-- YOUR GOAL --
Of the material below, only the lines from the line containing "#69=CARTESIAN_POINT('',(-0.15,-1.69336942218761,-0.6));" down to the line containing "#121=PLANE('',#120);" belong in the answer, written out exactly.

-- DATA PROVIDED --
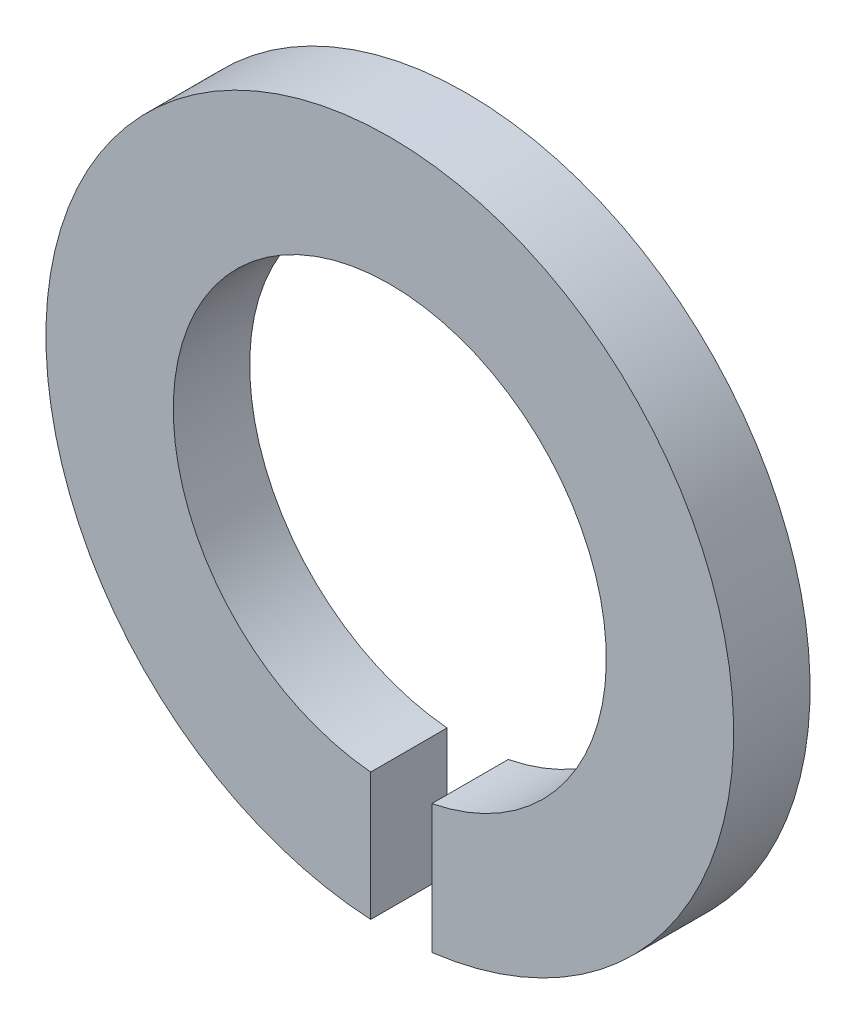
ISO-10303-21;
HEADER;
FILE_DESCRIPTION(('STEP AP214'),'2;1');
FILE_NAME('part.step','',(''),(''),'','','');
FILE_SCHEMA(('AUTOMOTIVE_DESIGN { 1 0 10303 214 1 1 1 1 }'));
ENDSEC;
DATA;
#1=APPLICATION_CONTEXT('core data for automotive mechanical design processes');
#2=APPLICATION_PROTOCOL_DEFINITION('international standard','automotive_design',2000,#1);
#3=PRODUCT_CONTEXT('',#1,'mechanical');
#4=PRODUCT('Part','Part','',(#3));
#5=PRODUCT_RELATED_PRODUCT_CATEGORY('part','',(#4));
#6=PRODUCT_DEFINITION_FORMATION('','',#4);
#7=PRODUCT_DEFINITION_CONTEXT('part definition',#1,'design');
#8=PRODUCT_DEFINITION('design','',#6,#7);
#9=PRODUCT_DEFINITION_SHAPE('','',#8);
#10=(LENGTH_UNIT() NAMED_UNIT(*) SI_UNIT(.MILLI.,.METRE.));
#11=(NAMED_UNIT(*) PLANE_ANGLE_UNIT() SI_UNIT($,.RADIAN.));
#12=(NAMED_UNIT(*) SI_UNIT($,.STERADIAN.) SOLID_ANGLE_UNIT());
#13=UNCERTAINTY_MEASURE_WITH_UNIT(LENGTH_MEASURE(1.E-05),#10,'distance_accuracy_value','');
#14=(GEOMETRIC_REPRESENTATION_CONTEXT(3) GLOBAL_UNCERTAINTY_ASSIGNED_CONTEXT((#13)) GLOBAL_UNIT_ASSIGNED_CONTEXT((#10,
#11,#12)) REPRESENTATION_CONTEXT('',''));
#15=CARTESIAN_POINT('',(0.,0.,0.));
#16=DIRECTION('',(0.,0.,1.));
#17=DIRECTION('',(1.,0.,0.));
#18=AXIS2_PLACEMENT_3D('',#15,#16,#17);
#19=CARTESIAN_POINT('',(0.,0.,-0.6));
#20=DIRECTION('',(0.,0.,1.));
#21=DIRECTION('',(1.,0.,0.));
#22=AXIS2_PLACEMENT_3D('',#19,#20,#21);
#23=PLANE('',#22);
#24=CARTESIAN_POINT('',(0.,0.,-0.6));
#25=DIRECTION('',(0.,0.,1.));
#26=DIRECTION('',(1.,0.,0.));
#27=AXIS2_PLACEMENT_3D('',#24,#25,#26);
#28=CIRCLE('',#27,1.7);
#29=CARTESIAN_POINT('',(0.33,-1.66766303550807,-0.6));
#30=VERTEX_POINT('',#29);
#31=CARTESIAN_POINT('',(-0.15,-1.69336942218761,-0.6));
#32=VERTEX_POINT('',#31);
#33=EDGE_CURVE('E20',#30,#32,#28,.T.);
#34=ORIENTED_EDGE('',*,*,#33,.T.);
#35=DIRECTION('',(0.,1.,0.));
#36=VECTOR('',#35,1.);
#37=CARTESIAN_POINT('',(-0.15,-2.7,-0.6));
#38=LINE('',#37,#36);
#39=CARTESIAN_POINT('',(-0.15,-2.69583011334171,-0.6));
#40=VERTEX_POINT('',#39);
#41=EDGE_CURVE('E66',#32,#40,#38,.F.);
#42=ORIENTED_EDGE('',*,*,#41,.T.);
#43=CARTESIAN_POINT('',(0.,0.,-0.6));
#44=DIRECTION('',(0.,0.,1.));
#45=DIRECTION('',(1.,0.,0.));
#46=AXIS2_PLACEMENT_3D('',#43,#44,#45);
#47=CIRCLE('',#46,2.7);
#48=CARTESIAN_POINT('',(0.33,-2.67975745171088,-0.6));
#49=VERTEX_POINT('',#48);
#50=EDGE_CURVE('E98',#49,#40,#47,.T.);
#51=ORIENTED_EDGE('',*,*,#50,.F.);
#52=DIRECTION('',(0.,1.,0.));
#53=VECTOR('',#52,1.);
#54=CARTESIAN_POINT('',(0.33,-2.7,-0.6));
#55=LINE('',#54,#53);
#56=EDGE_CURVE('E62',#49,#30,#55,.T.);
#57=ORIENTED_EDGE('',*,*,#56,.T.);
#58=EDGE_LOOP('',(#34,#42,#51,#57));
#59=FACE_BOUND('',#58,.T.);
#60=ADVANCED_FACE('F17',(#59),#23,.F.);
#61=CARTESIAN_POINT('',(-0.15,-2.7,0.));
#62=DIRECTION('',(-1.,0.,0.));
#63=DIRECTION('',(0.,0.,1.));
#64=AXIS2_PLACEMENT_3D('',#61,#62,#63);
#65=PLANE('',#64);
#66=ORIENTED_EDGE('',*,*,#41,.F.);
#67=DIRECTION('',(0.,0.,1.));
#68=VECTOR('',#67,1.);
#69=CARTESIAN_POINT('',(-0.15,-1.69336942218761,-0.6));
#70=LINE('',#69,#68);
#71=CARTESIAN_POINT('',(-0.15,-1.69336942218761,0.));
#72=VERTEX_POINT('',#71);
#73=EDGE_CURVE('E73',#32,#72,#70,.T.);
#74=ORIENTED_EDGE('',*,*,#73,.T.);
#75=DIRECTION('',(0.,1.,0.));
#76=VECTOR('',#75,1.);
#77=CARTESIAN_POINT('',(-0.15,0.,0.));
#78=LINE('',#77,#76);
#79=CARTESIAN_POINT('',(-0.15,-2.69583011334171,0.));
#80=VERTEX_POINT('',#79);
#81=EDGE_CURVE('E97',#80,#72,#78,.T.);
#82=ORIENTED_EDGE('',*,*,#81,.F.);
#83=DIRECTION('',(0.,0.,1.));
#84=VECTOR('',#83,1.);
#85=CARTESIAN_POINT('',(-0.15,-2.69583011334171,-0.6));
#86=LINE('',#85,#84);
#87=EDGE_CURVE('E79',#40,#80,#86,.T.);
#88=ORIENTED_EDGE('',*,*,#87,.F.);
#89=EDGE_LOOP('',(#66,#74,#82,#88));
#90=FACE_BOUND('',#89,.T.);
#91=ADVANCED_FACE('F75',(#90),#65,.F.);
#92=CARTESIAN_POINT('',(0.,0.,-0.6));
#93=DIRECTION('',(0.,0.,1.));
#94=DIRECTION('',(1.,0.,0.));
#95=AXIS2_PLACEMENT_3D('',#92,#93,#94);
#96=CYLINDRICAL_SURFACE('',#95,1.7);
#97=ORIENTED_EDGE('',*,*,#33,.F.);
#98=DIRECTION('',(0.,0.,-1.));
#99=VECTOR('',#98,1.);
#100=CARTESIAN_POINT('',(0.33,-1.66766303550807,0.));
#101=LINE('',#100,#99);
#102=CARTESIAN_POINT('',(0.33,-1.66766303550807,0.));
#103=VERTEX_POINT('',#102);
#104=EDGE_CURVE('E92',#30,#103,#101,.F.);
#105=ORIENTED_EDGE('',*,*,#104,.T.);
#106=CARTESIAN_POINT('',(0.,0.,0.));
#107=DIRECTION('',(0.,0.,1.));
#108=DIRECTION('',(1.,0.,0.));
#109=AXIS2_PLACEMENT_3D('',#106,#107,#108);
#110=CIRCLE('',#109,1.7);
#111=EDGE_CURVE('E84',#72,#103,#110,.F.);
#112=ORIENTED_EDGE('',*,*,#111,.F.);
#113=ORIENTED_EDGE('',*,*,#73,.F.);
#114=EDGE_LOOP('',(#97,#105,#112,#113));
#115=FACE_BOUND('',#114,.T.);
#116=ADVANCED_FACE('F83',(#115),#96,.F.);
#117=CARTESIAN_POINT('',(0.33,-2.7,0.));
#118=DIRECTION('',(1.,0.,0.));
#119=DIRECTION('',(0.,0.,-1.));
#120=AXIS2_PLACEMENT_3D('',#117,#118,#119);
#121=PLANE('',#120);
#122=DIRECTION('',(0.,1.,0.));
#123=VECTOR('',#122,1.);
#124=CARTESIAN_POINT('',(0.33,0.,0.));
#125=LINE('',#124,#123);
#126=CARTESIAN_POINT('',(0.33,-2.67975745171088,0.));
#127=VERTEX_POINT('',#126);
#128=EDGE_CURVE('E27',#103,#127,#125,.F.);
#129=ORIENTED_EDGE('',*,*,#128,.F.);
#130=ORIENTED_EDGE('',*,*,#104,.F.);
#131=ORIENTED_EDGE('',*,*,#56,.F.);
#132=DIRECTION('',(0.,0.,1.));
#133=VECTOR('',#132,1.);
#134=CARTESIAN_POINT('',(0.33,-2.67975745171088,-0.6));
#135=LINE('',#134,#133);
#136=EDGE_CURVE('E39',#127,#49,#135,.F.);
#137=ORIENTED_EDGE('',*,*,#136,.F.);
#138=EDGE_LOOP('',(#129,#130,#131,#137));
#139=FACE_BOUND('',#138,.T.);
#140=ADVANCED_FACE('F111',(#139),#121,.F.);
#141=CARTESIAN_POINT('',(0.,0.,-0.6));
#142=DIRECTION('',(0.,0.,1.));
#143=DIRECTION('',(1.,0.,0.));
#144=AXIS2_PLACEMENT_3D('',#141,#142,#143);
#145=CYLINDRICAL_SURFACE('',#144,2.7);
#146=ORIENTED_EDGE('',*,*,#87,.T.);
#147=CARTESIAN_POINT('',(0.,0.,0.));
#148=DIRECTION('',(0.,0.,1.));
#149=DIRECTION('',(1.,0.,0.));
#150=AXIS2_PLACEMENT_3D('',#147,#148,#149);
#151=CIRCLE('',#150,2.7);
#152=EDGE_CURVE('E11',#127,#80,#151,.T.);
#153=ORIENTED_EDGE('',*,*,#152,.F.);
#154=ORIENTED_EDGE('',*,*,#136,.T.);
#155=ORIENTED_EDGE('',*,*,#50,.T.);
#156=EDGE_LOOP('',(#146,#153,#154,#155));
#157=FACE_BOUND('',#156,.T.);
#158=ADVANCED_FACE('F113',(#157),#145,.T.);
#159=CARTESIAN_POINT('',(0.,0.,0.));
#160=DIRECTION('',(0.,0.,1.));
#161=DIRECTION('',(1.,0.,0.));
#162=AXIS2_PLACEMENT_3D('',#159,#160,#161);
#163=PLANE('',#162);
#164=ORIENTED_EDGE('',*,*,#152,.T.);
#165=ORIENTED_EDGE('',*,*,#81,.T.);
#166=ORIENTED_EDGE('',*,*,#111,.T.);
#167=ORIENTED_EDGE('',*,*,#128,.T.);
#168=EDGE_LOOP('',(#164,#165,#166,#167));
#169=FACE_BOUND('',#168,.T.);
#170=ADVANCED_FACE('F110',(#169),#163,.T.);
#171=CLOSED_SHELL('',(#60,#91,#116,#140,#158,#170));
#172=MANIFOLD_SOLID_BREP('B1',#171);
#173=ADVANCED_BREP_SHAPE_REPRESENTATION('',(#18,#172),#14);
#174=SHAPE_DEFINITION_REPRESENTATION(#9,#173);
ENDSEC;
END-ISO-10303-21;

-- REPLY TO THE TASK --
#69=CARTESIAN_POINT('',(-0.15,-1.69336942218761,-0.6));
#70=LINE('',#69,#68);
#71=CARTESIAN_POINT('',(-0.15,-1.69336942218761,0.));
#72=VERTEX_POINT('',#71);
#73=EDGE_CURVE('E73',#32,#72,#70,.T.);
#74=ORIENTED_EDGE('',*,*,#73,.T.);
#75=DIRECTION('',(0.,1.,0.));
#76=VECTOR('',#75,1.);
#77=CARTESIAN_POINT('',(-0.15,0.,0.));
#78=LINE('',#77,#76);
#79=CARTESIAN_POINT('',(-0.15,-2.69583011334171,0.));
#80=VERTEX_POINT('',#79);
#81=EDGE_CURVE('E97',#80,#72,#78,.T.);
#82=ORIENTED_EDGE('',*,*,#81,.F.);
#83=DIRECTION('',(0.,0.,1.));
#84=VECTOR('',#83,1.);
#85=CARTESIAN_POINT('',(-0.15,-2.69583011334171,-0.6));
#86=LINE('',#85,#84);
#87=EDGE_CURVE('E79',#40,#80,#86,.T.);
#88=ORIENTED_EDGE('',*,*,#87,.F.);
#89=EDGE_LOOP('',(#66,#74,#82,#88));
#90=FACE_BOUND('',#89,.T.);
#91=ADVANCED_FACE('F75',(#90),#65,.F.);
#92=CARTESIAN_POINT('',(0.,0.,-0.6));
#93=DIRECTION('',(0.,0.,1.));
#94=DIRECTION('',(1.,0.,0.));
#95=AXIS2_PLACEMENT_3D('',#92,#93,#94);
#96=CYLINDRICAL_SURFACE('',#95,1.7);
#97=ORIENTED_EDGE('',*,*,#33,.F.);
#98=DIRECTION('',(0.,0.,-1.));
#99=VECTOR('',#98,1.);
#100=CARTESIAN_POINT('',(0.33,-1.66766303550807,0.));
#101=LINE('',#100,#99);
#102=CARTESIAN_POINT('',(0.33,-1.66766303550807,0.));
#103=VERTEX_POINT('',#102);
#104=EDGE_CURVE('E92',#30,#103,#101,.F.);
#105=ORIENTED_EDGE('',*,*,#104,.T.);
#106=CARTESIAN_POINT('',(0.,0.,0.));
#107=DIRECTION('',(0.,0.,1.));
#108=DIRECTION('',(1.,0.,0.));
#109=AXIS2_PLACEMENT_3D('',#106,#107,#108);
#110=CIRCLE('',#109,1.7);
#111=EDGE_CURVE('E84',#72,#103,#110,.F.);
#112=ORIENTED_EDGE('',*,*,#111,.F.);
#113=ORIENTED_EDGE('',*,*,#73,.F.);
#114=EDGE_LOOP('',(#97,#105,#112,#113));
#115=FACE_BOUND('',#114,.T.);
#116=ADVANCED_FACE('F83',(#115),#96,.F.);
#117=CARTESIAN_POINT('',(0.33,-2.7,0.));
#118=DIRECTION('',(1.,0.,0.));
#119=DIRECTION('',(0.,0.,-1.));
#120=AXIS2_PLACEMENT_3D('',#117,#118,#119);
#121=PLANE('',#120);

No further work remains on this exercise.